**WHAT YOU NEED TO DO**
Keep the pictures out, please, and set down every record exactly.

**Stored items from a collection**
<<<<
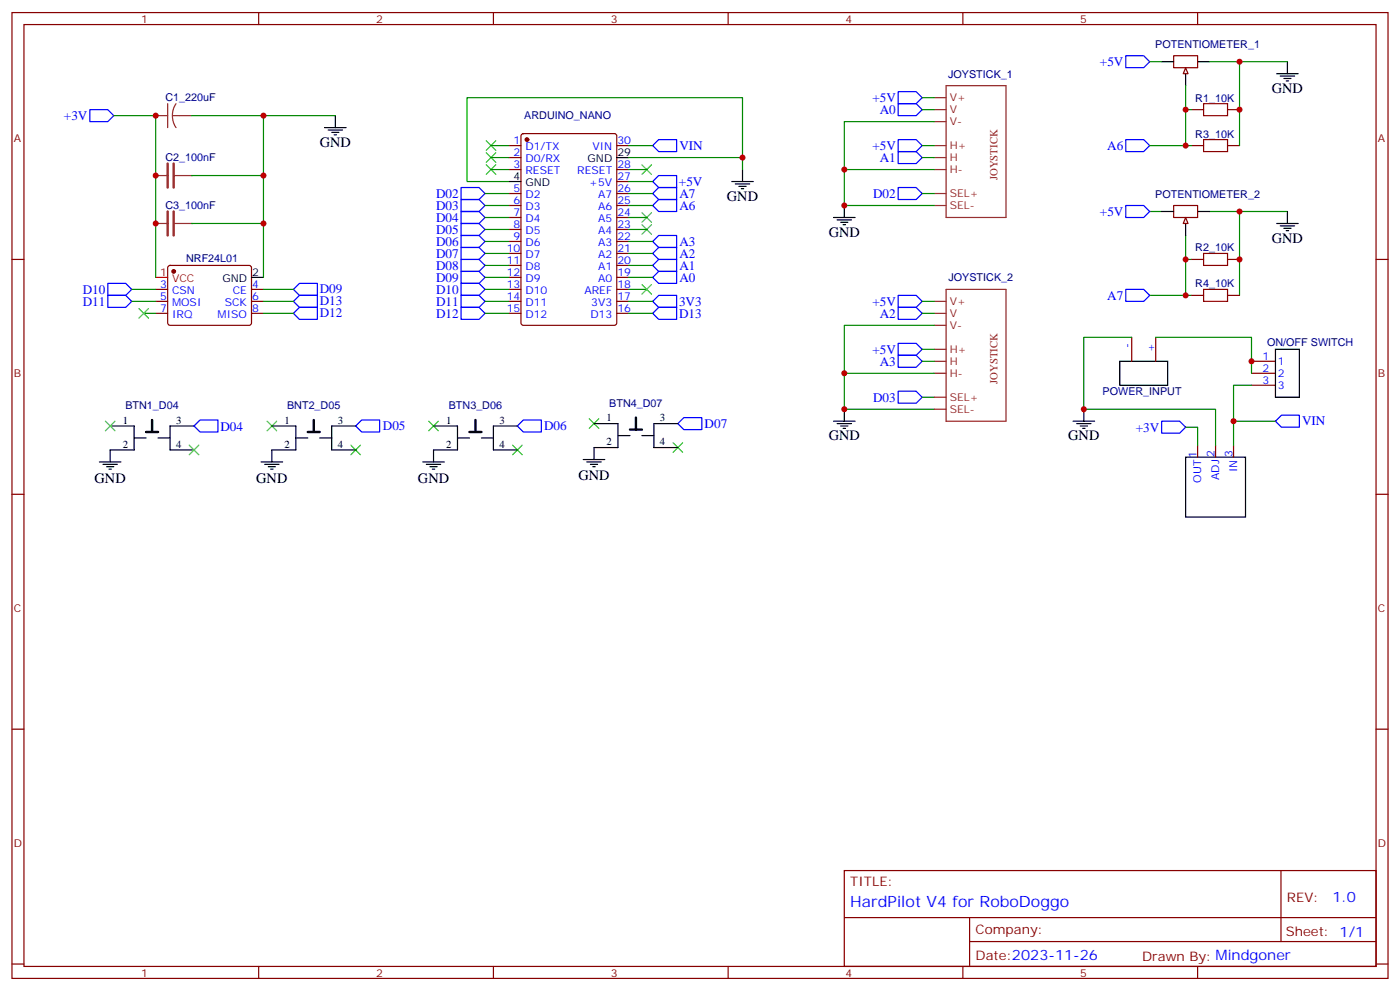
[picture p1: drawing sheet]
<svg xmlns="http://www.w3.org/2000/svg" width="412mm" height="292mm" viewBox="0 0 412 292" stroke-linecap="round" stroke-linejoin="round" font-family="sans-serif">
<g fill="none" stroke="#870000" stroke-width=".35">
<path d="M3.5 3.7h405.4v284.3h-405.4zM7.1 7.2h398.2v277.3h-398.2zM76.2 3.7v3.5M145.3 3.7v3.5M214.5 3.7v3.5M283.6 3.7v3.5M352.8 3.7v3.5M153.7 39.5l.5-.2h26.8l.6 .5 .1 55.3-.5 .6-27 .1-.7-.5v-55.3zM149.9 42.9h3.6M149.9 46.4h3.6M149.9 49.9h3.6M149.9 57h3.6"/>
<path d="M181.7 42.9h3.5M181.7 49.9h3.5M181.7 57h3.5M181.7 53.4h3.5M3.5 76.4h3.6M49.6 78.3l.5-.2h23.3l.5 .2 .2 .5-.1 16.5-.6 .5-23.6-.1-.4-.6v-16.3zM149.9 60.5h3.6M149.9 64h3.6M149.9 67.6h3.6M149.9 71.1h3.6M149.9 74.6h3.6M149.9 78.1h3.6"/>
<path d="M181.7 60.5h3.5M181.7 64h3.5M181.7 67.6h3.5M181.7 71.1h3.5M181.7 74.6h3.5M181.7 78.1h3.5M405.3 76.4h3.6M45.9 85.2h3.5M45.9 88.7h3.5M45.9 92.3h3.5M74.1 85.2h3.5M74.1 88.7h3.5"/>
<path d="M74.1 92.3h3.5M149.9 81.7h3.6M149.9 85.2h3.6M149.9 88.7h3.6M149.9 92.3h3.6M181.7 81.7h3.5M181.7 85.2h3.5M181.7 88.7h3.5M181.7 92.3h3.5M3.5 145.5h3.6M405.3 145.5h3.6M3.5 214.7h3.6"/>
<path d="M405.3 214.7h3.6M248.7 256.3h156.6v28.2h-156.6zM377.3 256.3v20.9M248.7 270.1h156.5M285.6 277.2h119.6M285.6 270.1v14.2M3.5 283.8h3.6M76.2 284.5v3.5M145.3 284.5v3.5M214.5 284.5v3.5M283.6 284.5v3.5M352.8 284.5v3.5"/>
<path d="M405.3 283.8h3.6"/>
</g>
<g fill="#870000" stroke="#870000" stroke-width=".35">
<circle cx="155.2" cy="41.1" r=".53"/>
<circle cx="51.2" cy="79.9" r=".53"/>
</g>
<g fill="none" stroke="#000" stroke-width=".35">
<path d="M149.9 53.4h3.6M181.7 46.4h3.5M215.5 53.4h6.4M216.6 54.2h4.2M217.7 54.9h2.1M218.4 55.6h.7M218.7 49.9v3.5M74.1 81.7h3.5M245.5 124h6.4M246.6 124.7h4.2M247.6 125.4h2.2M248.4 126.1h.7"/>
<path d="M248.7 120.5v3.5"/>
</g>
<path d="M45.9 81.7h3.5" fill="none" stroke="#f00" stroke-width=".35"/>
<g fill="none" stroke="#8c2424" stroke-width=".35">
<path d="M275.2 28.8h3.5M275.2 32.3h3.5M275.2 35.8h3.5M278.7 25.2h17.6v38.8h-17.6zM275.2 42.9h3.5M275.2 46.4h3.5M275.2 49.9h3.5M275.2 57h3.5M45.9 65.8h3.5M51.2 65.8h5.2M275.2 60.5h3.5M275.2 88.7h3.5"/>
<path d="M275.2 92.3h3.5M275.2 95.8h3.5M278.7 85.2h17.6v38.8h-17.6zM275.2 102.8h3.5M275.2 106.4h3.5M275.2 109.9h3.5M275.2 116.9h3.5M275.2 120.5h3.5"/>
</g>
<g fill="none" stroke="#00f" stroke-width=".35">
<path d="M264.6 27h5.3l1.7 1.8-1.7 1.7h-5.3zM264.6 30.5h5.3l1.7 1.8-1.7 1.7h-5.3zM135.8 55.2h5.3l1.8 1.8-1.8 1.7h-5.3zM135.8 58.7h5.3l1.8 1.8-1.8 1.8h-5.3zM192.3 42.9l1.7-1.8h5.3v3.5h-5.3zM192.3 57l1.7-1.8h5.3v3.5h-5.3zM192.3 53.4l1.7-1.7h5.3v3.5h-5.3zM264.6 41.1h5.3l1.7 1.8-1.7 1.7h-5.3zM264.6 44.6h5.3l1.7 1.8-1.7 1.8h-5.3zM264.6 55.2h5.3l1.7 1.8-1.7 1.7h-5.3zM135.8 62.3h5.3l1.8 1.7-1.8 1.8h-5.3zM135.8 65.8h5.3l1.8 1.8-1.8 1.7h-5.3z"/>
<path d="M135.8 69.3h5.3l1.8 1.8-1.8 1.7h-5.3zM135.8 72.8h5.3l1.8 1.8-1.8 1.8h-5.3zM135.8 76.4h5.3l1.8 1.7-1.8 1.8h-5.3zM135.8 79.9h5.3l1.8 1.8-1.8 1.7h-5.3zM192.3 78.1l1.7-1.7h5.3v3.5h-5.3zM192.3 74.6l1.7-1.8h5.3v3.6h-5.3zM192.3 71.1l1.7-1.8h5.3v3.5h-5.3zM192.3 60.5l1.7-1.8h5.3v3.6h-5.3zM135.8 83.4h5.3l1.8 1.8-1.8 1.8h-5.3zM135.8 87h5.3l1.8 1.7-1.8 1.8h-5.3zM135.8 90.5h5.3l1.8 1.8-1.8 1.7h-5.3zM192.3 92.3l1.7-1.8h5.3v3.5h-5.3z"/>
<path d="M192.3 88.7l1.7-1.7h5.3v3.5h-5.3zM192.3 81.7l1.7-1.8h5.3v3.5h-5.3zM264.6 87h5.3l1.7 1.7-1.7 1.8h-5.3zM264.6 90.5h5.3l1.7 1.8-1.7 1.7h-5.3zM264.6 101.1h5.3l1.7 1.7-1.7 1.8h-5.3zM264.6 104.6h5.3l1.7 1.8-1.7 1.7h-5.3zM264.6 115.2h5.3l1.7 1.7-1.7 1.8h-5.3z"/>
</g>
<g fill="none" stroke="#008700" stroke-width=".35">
>>>>
**EXERCISE OUTPUT**
[picture p1: drawing sheet]
<svg xmlns="http://www.w3.org/2000/svg" width="412mm" height="292mm" viewBox="0 0 412 292" stroke-linecap="round" stroke-linejoin="round" font-family="sans-serif">
<g fill="none" stroke="#870000" stroke-width=".35">
<path d="M3.5 3.7h405.4v284.3h-405.4zM7.1 7.2h398.2v277.3h-398.2zM76.2 3.7v3.5M145.3 3.7v3.5M214.5 3.7v3.5M283.6 3.7v3.5M352.8 3.7v3.5M153.7 39.5l.5-.2h26.8l.6 .5 .1 55.3-.5 .6-27 .1-.7-.5v-55.3zM149.9 42.9h3.6M149.9 46.4h3.6M149.9 49.9h3.6M149.9 57h3.6"/>
<path d="M181.7 42.9h3.5M181.7 49.9h3.5M181.7 57h3.5M181.7 53.4h3.5M3.5 76.4h3.6M49.6 78.3l.5-.2h23.3l.5 .2 .2 .5-.1 16.5-.6 .5-23.6-.1-.4-.6v-16.3zM149.9 60.5h3.6M149.9 64h3.6M149.9 67.6h3.6M149.9 71.1h3.6M149.9 74.6h3.6M149.9 78.1h3.6"/>
<path d="M181.7 60.5h3.5M181.7 64h3.5M181.7 67.6h3.5M181.7 71.1h3.5M181.7 74.6h3.5M181.7 78.1h3.5M405.3 76.4h3.6M45.9 85.2h3.5M45.9 88.7h3.5M45.9 92.3h3.5M74.1 85.2h3.5M74.1 88.7h3.5"/>
<path d="M74.1 92.3h3.5M149.9 81.7h3.6M149.9 85.2h3.6M149.9 88.7h3.6M149.9 92.3h3.6M181.7 81.7h3.5M181.7 85.2h3.5M181.7 88.7h3.5M181.7 92.3h3.5M3.5 145.5h3.6M405.3 145.5h3.6M3.5 214.7h3.6"/>
<path d="M405.3 214.7h3.6M248.7 256.3h156.6v28.2h-156.6zM377.3 256.3v20.9M248.7 270.1h156.5M285.6 277.2h119.6M285.6 270.1v14.2M3.5 283.8h3.6M76.2 284.5v3.5M145.3 284.5v3.5M214.5 284.5v3.5M283.6 284.5v3.5M352.8 284.5v3.5"/>
<path d="M405.3 283.8h3.6"/>
</g>
<g fill="#870000" stroke="#870000" stroke-width=".35">
<circle cx="155.2" cy="41.1" r=".53"/>
<circle cx="51.2" cy="79.9" r=".53"/>
</g>
<g fill="none" stroke="#000" stroke-width=".35">
<path d="M149.9 53.4h3.6M181.7 46.4h3.5M215.5 53.4h6.4M216.6 54.2h4.2M217.7 54.9h2.1M218.4 55.6h.7M218.7 49.9v3.5M74.1 81.7h3.5M245.5 124h6.4M246.6 124.7h4.2M247.6 125.4h2.2M248.4 126.1h.7"/>
<path d="M248.7 120.5v3.5"/>
</g>
<path d="M45.9 81.7h3.5" fill="none" stroke="#f00" stroke-width=".35"/>
<g fill="none" stroke="#8c2424" stroke-width=".35">
<path d="M275.2 28.8h3.5M275.2 32.3h3.5M275.2 35.8h3.5M278.7 25.2h17.6v38.8h-17.6zM275.2 42.9h3.5M275.2 46.4h3.5M275.2 49.9h3.5M275.2 57h3.5M45.9 65.8h3.5M51.2 65.8h5.2M275.2 60.5h3.5M275.2 88.7h3.5"/>
<path d="M275.2 92.3h3.5M275.2 95.8h3.5M278.7 85.2h17.6v38.8h-17.6zM275.2 102.8h3.5M275.2 106.4h3.5M275.2 109.9h3.5M275.2 116.9h3.5M275.2 120.5h3.5"/>
</g>
<g fill="none" stroke="#00f" stroke-width=".35">
<path d="M264.6 27h5.3l1.7 1.8-1.7 1.7h-5.3zM264.6 30.5h5.3l1.7 1.8-1.7 1.7h-5.3zM135.8 55.2h5.3l1.8 1.8-1.8 1.7h-5.3zM135.8 58.7h5.3l1.8 1.8-1.8 1.8h-5.3zM192.3 42.9l1.7-1.8h5.3v3.5h-5.3zM192.3 57l1.7-1.8h5.3v3.5h-5.3zM192.3 53.4l1.7-1.7h5.3v3.5h-5.3zM264.6 41.1h5.3l1.7 1.8-1.7 1.7h-5.3zM264.6 44.6h5.3l1.7 1.8-1.7 1.8h-5.3zM264.6 55.2h5.3l1.7 1.8-1.7 1.7h-5.3zM135.8 62.3h5.3l1.8 1.7-1.8 1.8h-5.3zM135.8 65.8h5.3l1.8 1.8-1.8 1.7h-5.3z"/>
<path d="M135.8 69.3h5.3l1.8 1.8-1.8 1.7h-5.3zM135.8 72.8h5.3l1.8 1.8-1.8 1.8h-5.3zM135.8 76.4h5.3l1.8 1.7-1.8 1.8h-5.3zM135.8 79.9h5.3l1.8 1.8-1.8 1.7h-5.3zM192.3 78.1l1.7-1.7h5.3v3.5h-5.3zM192.3 74.6l1.7-1.8h5.3v3.6h-5.3zM192.3 71.1l1.7-1.8h5.3v3.5h-5.3zM192.3 60.5l1.7-1.8h5.3v3.6h-5.3zM135.8 83.4h5.3l1.8 1.8-1.8 1.8h-5.3zM135.8 87h5.3l1.8 1.7-1.8 1.8h-5.3zM135.8 90.5h5.3l1.8 1.8-1.8 1.7h-5.3zM192.3 92.3l1.7-1.8h5.3v3.5h-5.3z"/>
<path d="M192.3 88.7l1.7-1.7h5.3v3.5h-5.3zM192.3 81.7l1.7-1.8h5.3v3.5h-5.3zM264.6 87h5.3l1.7 1.7-1.7 1.8h-5.3zM264.6 90.5h5.3l1.7 1.8-1.7 1.7h-5.3zM264.6 101.1h5.3l1.7 1.7-1.7 1.8h-5.3zM264.6 104.6h5.3l1.7 1.8-1.7 1.7h-5.3zM264.6 115.2h5.3l1.7 1.7-1.7 1.8h-5.3z"/>
</g>
<g fill="none" stroke="#008700" stroke-width=".35">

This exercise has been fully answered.